= WORK TASK =
Every line of the data below should be printed exactly. Nothing may be dropped.

= DATA TO EXAMINE =
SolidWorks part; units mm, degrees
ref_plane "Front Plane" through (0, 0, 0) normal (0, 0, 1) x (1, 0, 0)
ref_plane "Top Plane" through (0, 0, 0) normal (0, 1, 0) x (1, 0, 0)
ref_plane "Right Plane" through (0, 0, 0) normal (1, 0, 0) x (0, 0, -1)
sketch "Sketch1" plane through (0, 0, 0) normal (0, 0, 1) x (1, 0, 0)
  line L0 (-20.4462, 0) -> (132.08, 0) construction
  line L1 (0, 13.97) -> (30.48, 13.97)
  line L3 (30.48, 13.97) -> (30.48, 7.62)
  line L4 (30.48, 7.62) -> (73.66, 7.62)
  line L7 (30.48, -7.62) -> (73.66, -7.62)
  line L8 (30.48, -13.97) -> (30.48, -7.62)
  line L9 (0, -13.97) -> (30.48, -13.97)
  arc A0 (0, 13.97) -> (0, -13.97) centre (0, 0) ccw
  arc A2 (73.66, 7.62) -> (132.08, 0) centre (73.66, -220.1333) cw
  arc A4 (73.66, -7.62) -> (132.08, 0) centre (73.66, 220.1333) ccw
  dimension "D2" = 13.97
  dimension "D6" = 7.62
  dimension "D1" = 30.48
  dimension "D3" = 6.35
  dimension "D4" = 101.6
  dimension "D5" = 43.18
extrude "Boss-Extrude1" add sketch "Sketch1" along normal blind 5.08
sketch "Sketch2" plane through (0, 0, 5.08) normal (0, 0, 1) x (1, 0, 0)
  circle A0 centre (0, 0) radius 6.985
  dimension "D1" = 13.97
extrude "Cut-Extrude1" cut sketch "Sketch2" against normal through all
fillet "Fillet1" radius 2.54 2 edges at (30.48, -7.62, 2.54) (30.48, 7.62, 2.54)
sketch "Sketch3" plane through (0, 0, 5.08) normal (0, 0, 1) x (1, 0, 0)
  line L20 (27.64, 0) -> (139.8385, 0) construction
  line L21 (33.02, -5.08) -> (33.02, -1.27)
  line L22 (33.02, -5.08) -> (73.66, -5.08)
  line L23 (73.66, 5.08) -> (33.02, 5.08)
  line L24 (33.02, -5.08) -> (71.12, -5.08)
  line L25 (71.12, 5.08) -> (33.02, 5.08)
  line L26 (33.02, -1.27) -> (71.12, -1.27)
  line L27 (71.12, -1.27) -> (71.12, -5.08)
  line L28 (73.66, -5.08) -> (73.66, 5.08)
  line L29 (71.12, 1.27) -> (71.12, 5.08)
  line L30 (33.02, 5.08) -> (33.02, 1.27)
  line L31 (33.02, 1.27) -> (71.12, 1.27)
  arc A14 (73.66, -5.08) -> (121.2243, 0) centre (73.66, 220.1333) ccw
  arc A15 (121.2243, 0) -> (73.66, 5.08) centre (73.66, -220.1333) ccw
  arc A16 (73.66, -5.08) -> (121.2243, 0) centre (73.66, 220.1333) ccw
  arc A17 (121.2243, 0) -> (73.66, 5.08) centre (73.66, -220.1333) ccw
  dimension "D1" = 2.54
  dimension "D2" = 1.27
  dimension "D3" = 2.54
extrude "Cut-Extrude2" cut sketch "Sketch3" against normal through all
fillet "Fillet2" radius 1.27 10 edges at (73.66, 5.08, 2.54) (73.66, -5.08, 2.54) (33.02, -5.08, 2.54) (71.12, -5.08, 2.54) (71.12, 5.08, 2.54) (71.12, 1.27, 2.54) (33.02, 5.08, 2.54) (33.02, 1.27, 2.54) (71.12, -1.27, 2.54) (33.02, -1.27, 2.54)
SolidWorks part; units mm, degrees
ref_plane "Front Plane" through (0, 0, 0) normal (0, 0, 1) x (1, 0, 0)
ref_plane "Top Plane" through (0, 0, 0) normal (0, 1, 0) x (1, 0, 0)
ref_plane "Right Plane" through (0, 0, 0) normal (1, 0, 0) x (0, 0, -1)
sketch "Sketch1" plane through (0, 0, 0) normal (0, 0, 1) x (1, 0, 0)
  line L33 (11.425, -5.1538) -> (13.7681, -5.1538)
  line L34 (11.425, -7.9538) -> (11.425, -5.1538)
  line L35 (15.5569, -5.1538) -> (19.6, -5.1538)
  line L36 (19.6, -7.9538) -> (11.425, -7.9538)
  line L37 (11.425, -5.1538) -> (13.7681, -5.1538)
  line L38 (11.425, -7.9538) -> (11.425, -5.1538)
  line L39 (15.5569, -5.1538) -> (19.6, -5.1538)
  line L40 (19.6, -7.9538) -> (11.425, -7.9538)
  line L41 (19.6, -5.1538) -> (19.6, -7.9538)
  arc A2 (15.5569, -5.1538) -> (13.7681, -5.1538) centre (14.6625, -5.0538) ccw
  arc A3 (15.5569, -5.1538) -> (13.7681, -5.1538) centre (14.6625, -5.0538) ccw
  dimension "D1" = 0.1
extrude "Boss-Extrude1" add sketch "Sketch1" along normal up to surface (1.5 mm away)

= RESPONSE TO THE TASK =
SolidWorks part; units mm, degrees
ref_plane "Front Plane" through (0, 0, 0) normal (0, 0, 1) x (1, 0, 0)
ref_plane "Top Plane" through (0, 0, 0) normal (0, 1, 0) x (1, 0, 0)
ref_plane "Right Plane" through (0, 0, 0) normal (1, 0, 0) x (0, 0, -1)
sketch "Sketch1" plane through (0, 0, 0) normal (0, 0, 1) x (1, 0, 0)
  line L0 (-20.4462, 0) -> (132.08, 0) construction
  line L1 (0, 13.97) -> (30.48, 13.97)
  line L3 (30.48, 13.97) -> (30.48, 7.62)
  line L4 (30.48, 7.62) -> (73.66, 7.62)
  line L7 (30.48, -7.62) -> (73.66, -7.62)
  line L8 (30.48, -13.97) -> (30.48, -7.62)
  line L9 (0, -13.97) -> (30.48, -13.97)
  arc A0 (0, 13.97) -> (0, -13.97) centre (0, 0) ccw
  arc A2 (73.66, 7.62) -> (132.08, 0) centre (73.66, -220.1333) cw
  arc A4 (73.66, -7.62) -> (132.08, 0) centre (73.66, 220.1333) ccw
  dimension "D2" = 13.97
  dimension "D6" = 7.62
  dimension "D1" = 30.48
  dimension "D3" = 6.35
  dimension "D4" = 101.6
  dimension "D5" = 43.18
extrude "Boss-Extrude1" add sketch "Sketch1" along normal blind 5.08
sketch "Sketch2" plane through (0, 0, 5.08) normal (0, 0, 1) x (1, 0, 0)
  circle A0 centre (0, 0) radius 6.985
  dimension "D1" = 13.97
extrude "Cut-Extrude1" cut sketch "Sketch2" against normal through all
fillet "Fillet1" radius 2.54 2 edges at (30.48, -7.62, 2.54) (30.48, 7.62, 2.54)
sketch "Sketch3" plane through (0, 0, 5.08) normal (0, 0, 1) x (1, 0, 0)
  line L20 (27.64, 0) -> (139.8385, 0) construction
  line L21 (33.02, -5.08) -> (33.02, -1.27)
  line L22 (33.02, -5.08) -> (73.66, -5.08)
  line L23 (73.66, 5.08) -> (33.02, 5.08)
  line L24 (33.02, -5.08) -> (71.12, -5.08)
  line L25 (71.12, 5.08) -> (33.02, 5.08)
  line L26 (33.02, -1.27) -> (71.12, -1.27)
  line L27 (71.12, -1.27) -> (71.12, -5.08)
  line L28 (73.66, -5.08) -> (73.66, 5.08)
  line L29 (71.12, 1.27) -> (71.12, 5.08)
  line L30 (33.02, 5.08) -> (33.02, 1.27)
  line L31 (33.02, 1.27) -> (71.12, 1.27)
  arc A14 (73.66, -5.08) -> (121.2243, 0) centre (73.66, 220.1333) ccw
  arc A15 (121.2243, 0) -> (73.66, 5.08) centre (73.66, -220.1333) ccw
  arc A16 (73.66, -5.08) -> (121.2243, 0) centre (73.66, 220.1333) ccw
  arc A17 (121.2243, 0) -> (73.66, 5.08) centre (73.66, -220.1333) ccw
  dimension "D1" = 2.54
  dimension "D2" = 1.27
  dimension "D3" = 2.54
extrude "Cut-Extrude2" cut sketch "Sketch3" against normal through all
fillet "Fillet2" radius 1.27 10 edges at (73.66, 5.08, 2.54) (73.66, -5.08, 2.54) (33.02, -5.08, 2.54) (71.12, -5.08, 2.54) (71.12, 5.08, 2.54) (71.12, 1.27, 2.54) (33.02, 5.08, 2.54) (33.02, 1.27, 2.54) (71.12, -1.27, 2.54) (33.02, -1.27, 2.54)
SolidWorks part; units mm, degrees
ref_plane "Front Plane" through (0, 0, 0) normal (0, 0, 1) x (1, 0, 0)
ref_plane "Top Plane" through (0, 0, 0) normal (0, 1, 0) x (1, 0, 0)
ref_plane "Right Plane" through (0, 0, 0) normal (1, 0, 0) x (0, 0, -1)
sketch "Sketch1" plane through (0, 0, 0) normal (0, 0, 1) x (1, 0, 0)
  line L33 (11.425, -5.1538) -> (13.7681, -5.1538)
  line L34 (11.425, -7.9538) -> (11.425, -5.1538)
  line L35 (15.5569, -5.1538) -> (19.6, -5.1538)
  line L36 (19.6, -7.9538) -> (11.425, -7.9538)
  line L37 (11.425, -5.1538) -> (13.7681, -5.1538)
  line L38 (11.425, -7.9538) -> (11.425, -5.1538)
  line L39 (15.5569, -5.1538) -> (19.6, -5.1538)
  line L40 (19.6, -7.9538) -> (11.425, -7.9538)
  line L41 (19.6, -5.1538) -> (19.6, -7.9538)
  arc A2 (15.5569, -5.1538) -> (13.7681, -5.1538) centre (14.6625, -5.0538) ccw
  arc A3 (15.5569, -5.1538) -> (13.7681, -5.1538) centre (14.6625, -5.0538) ccw
  dimension "D1" = 0.1
extrude "Boss-Extrude1" add sketch "Sketch1" along normal up to surface (1.5 mm away)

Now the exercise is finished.